I used the dataloader from torch.utils.data.Dataloader again, but this time I selected all the facial keypoints to include in the dataloader. I also performed data augmentation to help prevent the network from overfitting. This was done by adding images to the dataloader that were either randomly rotated by -15 to 15 degrees or randomly cropped by a specific portion of the image. Below are some of the sample images from the dataloader labeled with the ground-truth keypoints.

Face Sample 1
Face Sample 2
Face Sample 3

Model Architecture

Below are the layers for my model architecture. The learning rate was 1e-3 and the batch size was 4.
FaceDetectionCNN(
  (conv1): Conv2d(1, 6, kernel_size=(5, 5), stride=(1, 1))
  (conv2): Conv2d(6, 16, kernel_size=(5, 5), stride=(1, 1))
  (conv3): Conv2d(16, 32, kernel_size=(5, 5), stride=(1, 1))
  (conv4): Conv2d(32, 64, kernel_size=(5, 5), stride=(1, 1))
  (conv5): Conv2d(64, 128, kernel_size=(5, 5), stride=(1, 1))
  (fc1): Linear(in_features=4608, out_features=64, bias=True)
  (fc2): Linear(in_features=64, out_features=116, bias=True)
)

Training and Validation MSE Loss

Below is a graph showing the Training and Validation MSE loss during the training process.

Face Network Losses

Results

Below are two facial images where the network detects the facial keypoints correctly. The red points represent the predicted points, and the green points represent the ground truth.

Good Example 1
Good Example 2

Below are two facial images where the network detects the facial keypoints incorrectly. Again, the red points represent the predicted points, and the green points represent the ground truth. The network might have failed in the cases shown below because of how far left the faces are facing compared to many other images in the training set and the features aren't as consistent because of that angle. The nose keypoint detector had a difficult time with similar images.

Bad Example 1
Bad Example 2

Visualize Learned Filters

Below I have visualized some of the filters for my neural network of the first convolutional layer.

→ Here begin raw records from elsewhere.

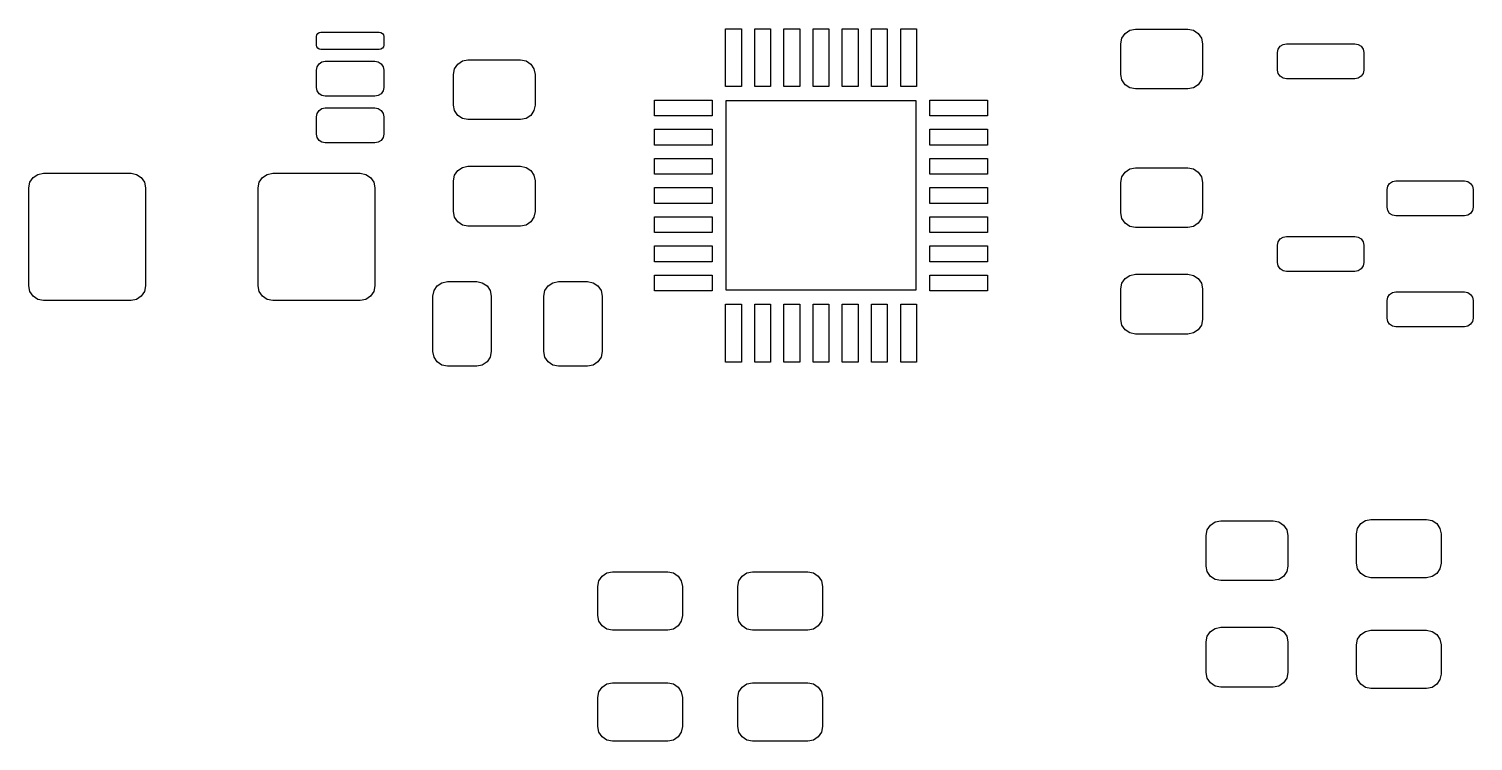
# Model space of a CAD drawing. Extents: x 36.9 to 89.3, y -100.1 to -46.9.
# Drawn here: x 36.92 to 61.67, y -72.75 to -60.54 of the extents above; entities that cross this region are included whole.
import ezdxf

# ---------------------------------------------------------------- set-up
doc = ezdxf.new("R2010")
doc.units = 0
doc.layers.add('BLACK', color=7, linetype='CONTINUOUS')

msp = doc.modelspace()

# ---------------------------------------------------------------- linework, layer by layer
at = {"layer": 'BLACK', "linetype": 'CONTINUOUS'}
for p, q in [((41.860709, -60.646299), (41.876967, -60.621967)), ((41.876967, -60.621967), (41.901299, -60.605709)), ((41.901299, -60.605709), (41.93, -60.6)), ((41.93, -60.6), (42.93, -60.6)), ((42.93, -60.6), (42.958701, -60.605709)), ((42.958701, -60.605709), (42.983033, -60.621967)), ((42.983033, -60.621967), (42.999291, -60.646299)), ((48.865, -61.535), (48.865, -60.545)), ((48.865, -60.545), (49.135, -60.545)), ((49.135, -60.545), (49.135, -61.535)), ((49.365, -61.535), (49.365, -60.545)), ((49.365, -60.545), (49.635, -60.545)), ((49.635, -60.545), (49.635, -61.535)), ((49.865, -61.535), (49.865, -60.545)), ((49.865, -60.545), (50.135, -60.545)), ((50.135, -60.545), (50.135, -61.535)), ((50.365, -61.535), (50.365, -60.545)), ((50.365, -60.545), (50.635, -60.545)), ((50.635, -60.545), (50.635, -61.535)), ((50.865, -61.535), (50.865, -60.545)), ((50.865, -60.545), (51.135, -60.545)), ((51.135, -60.545), (51.135, -61.535)), ((51.365, -61.535), (51.365, -60.545)), ((51.365, -60.545), (51.635, -60.545)), ((51.635, -60.545), (51.635, -61.535)), ((51.865, -61.535), (51.865, -60.545)), ((51.865, -60.545), (52.135, -60.545)), ((52.135, -60.545), (52.135, -61.535)), ((55.65653, -60.704329), (55.710723, -60.623223)), ((55.710723, -60.623223), (55.791829, -60.56903)), ((55.791829, -60.56903), (55.8875, -60.55)), ((55.8875, -60.55), (56.7875, -60.55)), ((56.7875, -60.55), (56.883171, -60.56903)), ((56.883171, -60.56903), (56.964277, -60.623223)), ((56.964277, -60.623223), (57.01847, -60.704329)), ((41.855, -60.675), (41.860709, -60.646299)), ((41.855, -60.825), (41.855, -60.675)), ((41.860709, -60.853701), (41.855, -60.825)), ((41.876967, -60.878033), (41.860709, -60.853701)), ((41.901299, -60.894291), (41.876967, -60.878033)), ((42.983033, -60.878033), (42.958701, -60.894291)), ((42.999291, -60.853701), (42.983033, -60.878033)), ((42.999291, -60.646299), (43.005, -60.675)), ((43.005, -60.825), (42.999291, -60.853701)), ((43.005, -60.675), (43.005, -60.825)), ((55.6375, -60.8), (55.65653, -60.704329)), ((55.6375, -61.325), (55.6375, -60.8)), ((57.01847, -60.704329), (57.0375, -60.8)), ((57.0375, -60.8), (57.0375, -61.325)), ((58.336418, -60.892597), (58.368934, -60.843934)), ((58.368934, -60.843934), (58.417597, -60.811418)), ((58.417597, -60.811418), (58.475, -60.8)), ((58.475, -60.8), (59.65, -60.8)), ((59.65, -60.8), (59.707403, -60.811418)), ((59.707403, -60.811418), (59.756066, -60.843934)), ((59.756066, -60.843934), (59.788582, -60.892597)), ((41.898934, -61.143934), (41.947597, -61.111418)), ((41.93, -60.9), (41.901299, -60.894291)), ((42.93, -60.9), (41.93, -60.9)), ((41.947597, -61.111418), (42.005, -61.1)), ((42.005, -61.1), (42.855, -61.1)), ((42.855, -61.1), (42.912403, -61.111418)), ((42.912403, -61.111418), (42.961066, -61.143934)), ((42.958701, -60.894291), (42.93, -60.9)), ((44.273223, -61.148223), (44.354329, -61.09403)), ((44.354329, -61.09403), (44.45, -61.075)), ((44.45, -61.075), (45.35, -61.075)), ((45.35, -61.075), (45.445671, -61.09403)), ((45.445671, -61.09403), (45.526777, -61.148223)), ((58.325, -60.95), (58.336418, -60.892597)), ((58.325, -61.25), (58.325, -60.95)), ((59.788582, -60.892597), (59.8, -60.95)), ((59.8, -60.95), (59.8, -61.25)), ((41.855, -61.25), (41.866418, -61.192597)), ((41.855, -61.55), (41.855, -61.25)), ((41.866418, -61.192597), (41.898934, -61.143934)), ((42.961066, -61.143934), (42.993582, -61.192597)), ((42.993582, -61.192597), (43.005, -61.25)), ((43.005, -61.25), (43.005, -61.55)), ((44.2, -61.325), (44.21903, -61.229329)), ((44.2, -61.85), (44.2, -61.325)), ((44.21903, -61.229329), (44.273223, -61.148223)), ((45.526777, -61.148223), (45.58097, -61.229329)), ((45.58097, -61.229329), (45.6, -61.325)), ((45.6, -61.325), (45.6, -61.85)), ((55.65653, -61.420671), (55.6375, -61.325)), ((57.0375, -61.325), (57.01847, -61.420671)), ((58.336418, -61.307403), (58.325, -61.25)), ((58.368934, -61.356066), (58.336418, -61.307403)), ((58.417597, -61.388582), (58.368934, -61.356066)), ((59.756066, -61.356066), (59.707403, -61.388582)), ((59.788582, -61.307403), (59.756066, -61.356066)), ((59.8, -61.25), (59.788582, -61.307403)), ((41.866418, -61.607403), (41.855, -61.55)), ((41.898934, -61.656066), (41.866418, -61.607403)), ((42.993582, -61.607403), (42.961066, -61.656066)), ((43.005, -61.55), (42.993582, -61.607403)), ((49.135, -61.535), (48.865, -61.535)), ((49.635, -61.535), (49.365, -61.535)), ((50.135, -61.535), (49.865, -61.535)), ((50.635, -61.535), (50.365, -61.535)), ((51.135, -61.535), (50.865, -61.535)), ((51.635, -61.535), (51.365, -61.535)), ((52.135, -61.535), (51.865, -61.535)), ((55.710723, -61.501777), (55.65653, -61.420671)), ((55.791829, -61.55597), (55.710723, -61.501777)), ((55.8875, -61.575), (55.791829, -61.55597)), ((56.7875, -61.575), (55.8875, -61.575)), ((56.883171, -61.55597), (56.7875, -61.575)), ((56.964277, -61.501777), (56.883171, -61.55597)), ((57.01847, -61.420671), (56.964277, -61.501777)), ((58.475, -61.4), (58.417597, -61.388582)), ((59.65, -61.4), (58.475, -61.4)), ((59.707403, -61.388582), (59.65, -61.4)), ((41.947597, -61.688582), (41.898934, -61.656066)), ((42.005, -61.7), (41.947597, -61.688582)), ((42.855, -61.7), (42.005, -61.7)), ((42.912403, -61.688582), (42.855, -61.7)), ((42.961066, -61.656066), (42.912403, -61.688582)), ((44.21903, -61.945671), (44.2, -61.85)), ((45.6, -61.85), (45.58097, -61.945671)), ((47.645, -62.035), (47.645, -61.765)), ((47.645, -61.765), (48.635, -61.765)), ((48.635, -61.765), (48.635, -62.035)), ((48.875, -65.025), (48.875, -61.775)), ((48.875, -61.775), (52.125, -61.775)), ((52.125, -61.775), (52.125, -65.025)), ((52.365, -62.035), (52.365, -61.765)), ((52.365, -61.765), (53.355, -61.765)), ((53.355, -61.765), (53.355, -62.035)), ((41.855, -62.05), (41.866418, -61.992597)), ((41.855, -62.35), (41.855, -62.05)), ((41.866418, -61.992597), (41.898934, -61.943934)), ((41.898934, -61.943934), (41.947597, -61.911418)), ((41.947597, -61.911418), (42.005, -61.9)), ((42.005, -61.9), (42.855, -61.9)), ((42.855, -61.9), (42.912403, -61.911418)), ((42.912403, -61.911418), (42.961066, -61.943934)), ((42.961066, -61.943934), (42.993582, -61.992597)), ((42.993582, -61.992597), (43.005, -62.05)), ((43.005, -62.05), (43.005, -62.35)), ((44.273223, -62.026777), (44.21903, -61.945671)), ((44.354329, -62.08097), (44.273223, -62.026777)), ((44.45, -62.1), (44.354329, -62.08097)), ((45.35, -62.1), (44.45, -62.1)), ((45.445671, -62.08097), (45.35, -62.1)), ((45.526777, -62.026777), (45.445671, -62.08097)), ((45.58097, -61.945671), (45.526777, -62.026777)), ((48.635, -62.035), (47.645, -62.035)), ((53.355, -62.035), (52.365, -62.035)), ((41.866418, -62.407403), (41.855, -62.35)), ((43.005, -62.35), (42.993582, -62.407403)), ((47.645, -62.535), (47.645, -62.265)), ((47.645, -62.265), (48.635, -62.265)), ((48.635, -62.265), (48.635, -62.535)), ((52.365, -62.535), (52.365, -62.265)), ((52.365, -62.265), (53.355, -62.265)), ((53.355, -62.265), (53.355, -62.535)), ((41.898934, -62.456066), (41.866418, -62.407403)), ((41.947597, -62.488582), (41.898934, -62.456066)), ((42.005, -62.5), (41.947597, -62.488582)), ((42.855, -62.5), (42.005, -62.5)), ((42.912403, -62.488582), (42.855, -62.5)), ((42.961066, -62.456066), (42.912403, -62.488582)), ((42.993582, -62.407403), (42.961066, -62.456066)), ((48.635, -62.535), (47.645, -62.535)), ((53.355, -62.535), (52.365, -62.535)), ((47.645, -63.035), (47.645, -62.765)), ((47.645, -62.765), (48.635, -62.765)), ((48.635, -62.765), (48.635, -63.035)), ((52.365, -63.035), (52.365, -62.765)), ((52.365, -62.765), (53.355, -62.765)), ((53.355, -62.765), (53.355, -63.035)), ((36.94403, -63.174329), (36.998223, -63.093223)), ((36.998223, -63.093223), (37.079329, -63.03903)), ((37.079329, -63.03903), (37.175, -63.02)), ((37.175, -63.02), (38.675, -63.02)), ((38.675, -63.02), (38.770671, -63.03903)), ((38.770671, -63.03903), (38.851777, -63.093223)), ((38.851777, -63.093223), (38.90597, -63.174329)), ((40.87403, -63.174329), (40.928223, -63.093223)), ((40.928223, -63.093223), (41.009329, -63.03903)), ((41.009329, -63.03903), (41.105, -63.02)), ((41.105, -63.02), (42.605, -63.02)), ((42.605, -63.02), (42.700671, -63.03903)), ((42.700671, -63.03903), (42.781777, -63.093223)), ((42.781777, -63.093223), (42.83597, -63.174329)), ((44.2, -63.15), (44.21903, -63.054329)), ((44.21903, -63.054329), (44.273223, -62.973223)), ((44.273223, -62.973223), (44.354329, -62.91903)), ((44.354329, -62.91903), (44.45, -62.9)), ((44.45, -62.9), (45.35, -62.9)), ((45.35, -62.9), (45.445671, -62.91903)), ((45.445671, -62.91903), (45.526777, -62.973223)), ((45.526777, -62.973223), (45.58097, -63.054329)), ((45.58097, -63.054329), (45.6, -63.15)), ((48.635, -63.035), (47.645, -63.035)), ((53.355, -63.035), (52.365, -63.035)), ((55.6375, -63.175), (55.65653, -63.079329)), ((55.65653, -63.079329), (55.710723, -62.998223)), ((55.710723, -62.998223), (55.791829, -62.94403)), ((55.791829, -62.94403), (55.8875, -62.925)), ((55.8875, -62.925), (56.7875, -62.925)), ((56.7875, -62.925), (56.883171, -62.94403)), ((56.883171, -62.94403), (56.964277, -62.998223)), ((56.964277, -62.998223), (57.01847, -63.079329)), ((57.01847, -63.079329), (57.0375, -63.175)), ((36.925, -63.27), (36.94403, -63.174329)), ((36.925, -64.95), (36.925, -63.27)), ((38.90597, -63.174329), (38.925, -63.27)), ((38.925, -63.27), (38.925, -64.95)), ((40.855, -63.27), (40.87403, -63.174329)), ((40.855, -64.95), (40.855, -63.27)), ((42.83597, -63.174329), (42.855, -63.27)), ((42.855, -63.27), (42.855, -64.95)), ((44.2, -63.675), (44.2, -63.15)), ((45.6, -63.15), (45.6, -63.675)), ((47.645, -63.535), (47.645, -63.265)), ((47.645, -63.265), (48.635, -63.265)), ((48.635, -63.265), (48.635, -63.535)), ((52.365, -63.535), (52.365, -63.265)), ((52.365, -63.265), (53.355, -63.265)), ((53.355, -63.265), (53.355, -63.535)), ((55.6375, -63.7), (55.6375, -63.175)), ((57.0375, -63.175), (57.0375, -63.7)), ((60.2, -63.3), (60.211418, -63.242597)), ((60.2, -63.6), (60.2, -63.3)), ((60.211418, -63.242597), (60.243934, -63.193934)), ((60.243934, -63.193934), (60.292597, -63.161418)), ((60.292597, -63.161418), (60.35, -63.15)), ((60.35, -63.15), (61.525, -63.15)), ((61.525, -63.15), (61.582403, -63.161418)), ((61.582403, -63.161418), (61.631066, -63.193934)), ((61.631066, -63.193934), (61.663582, -63.242597)), ((61.663582, -63.242597), (61.675, -63.3)), ((61.675, -63.3), (61.675, -63.6)), ((48.635, -63.535), (47.645, -63.535)), ((53.355, -63.535), (52.365, -63.535)), ((60.211418, -63.657403), (60.2, -63.6)), ((61.675, -63.6), (61.663582, -63.657403)), ((44.21903, -63.770671), (44.2, -63.675)), ((44.273223, -63.851777), (44.21903, -63.770671)), ((44.354329, -63.90597), (44.273223, -63.851777)), ((45.526777, -63.851777), (45.445671, -63.90597)), ((45.58097, -63.770671), (45.526777, -63.851777)), ((45.6, -63.675), (45.58097, -63.770671)), ((47.645, -64.035), (47.645, -63.765)), ((47.645, -63.765), (48.635, -63.765)), ((48.635, -63.765), (48.635, -64.035)), ((52.365, -64.035), (52.365, -63.765)), ((52.365, -63.765), (53.355, -63.765)), ((53.355, -63.765), (53.355, -64.035)), ((55.65653, -63.795671), (55.6375, -63.7)), ((55.710723, -63.876777), (55.65653, -63.795671)), ((57.01847, -63.795671), (56.964277, -63.876777)), ((57.0375, -63.7), (57.01847, -63.795671)), ((60.243934, -63.706066), (60.211418, -63.657403)), ((60.292597, -63.738582), (60.243934, -63.706066)), ((60.35, -63.75), (60.292597, -63.738582)), ((61.525, -63.75), (60.35, -63.75)), ((61.582403, -63.738582), (61.525, -63.75)), ((61.631066, -63.706066), (61.582403, -63.738582)), ((61.663582, -63.657403), (61.631066, -63.706066)), ((44.45, -63.925), (44.354329, -63.90597)), ((45.35, -63.925), (44.45, -63.925)), ((45.445671, -63.90597), (45.35, -63.925)), ((48.635, -64.035), (47.645, -64.035)), ((53.355, -64.035), (52.365, -64.035)), ((55.791829, -63.93097), (55.710723, -63.876777)), ((55.8875, -63.95), (55.791829, -63.93097)), ((56.7875, -63.95), (55.8875, -63.95)), ((56.883171, -63.93097), (56.7875, -63.95)), ((56.964277, -63.876777), (56.883171, -63.93097)), ((58.417597, -64.111418), (58.475, -64.1)), ((58.475, -64.1), (59.65, -64.1)), ((59.65, -64.1), (59.707403, -64.111418)), ((47.645, -64.535), (47.645, -64.265)), ((47.645, -64.265), (48.635, -64.265)), ((48.635, -64.265), (48.635, -64.535)), ((52.365, -64.535), (52.365, -64.265)), ((52.365, -64.265), (53.355, -64.265)), ((53.355, -64.265), (53.355, -64.535)), ((58.325, -64.25), (58.336418, -64.192597)), ((58.325, -64.55), (58.325, -64.25)), ((58.336418, -64.192597), (58.368934, -64.143934)), ((58.368934, -64.143934), (58.417597, -64.111418)), ((59.707403, -64.111418), (59.756066, -64.143934)), ((59.756066, -64.143934), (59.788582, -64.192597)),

Face Network Filter Examples

Train With Larger Dataset

Kaggle

For my Kaggle submission, my username is Sean Kim. At the time of submitting this website, my score was 10.13204.

Dataloader

This dataloader was essentially the same as the one from the previous part, but I also performed color jittering for additional data augmentation. Below are some example images from my dataloader with the keypoints labeled.

Face Sample 1
Face Sample 2
Face Sample 3
Face Sample 3

Model Architecture

Here is the ResNet model architecture I used to train with a larger dataset. I used the default ResNet18 model, but just modified the input and output channels to match the dimensions needed for this data. The learning rate was 1e-3 and the batch size was 16.
ResNet(
 (conv1): Conv2d(1, 64, kernel_size=(7, 7), stride=(2, 2), padding=(3, 3), bias=False)
 (bn1): BatchNorm2d(64, eps=1e-05, momentum=0.1, affine=True, track_running_stats=True)
 (relu): ReLU(inplace)
 (maxpool): MaxPool2d(kernel_size=3, stride=2, padding=1, dilation=1, ceil_mode=False)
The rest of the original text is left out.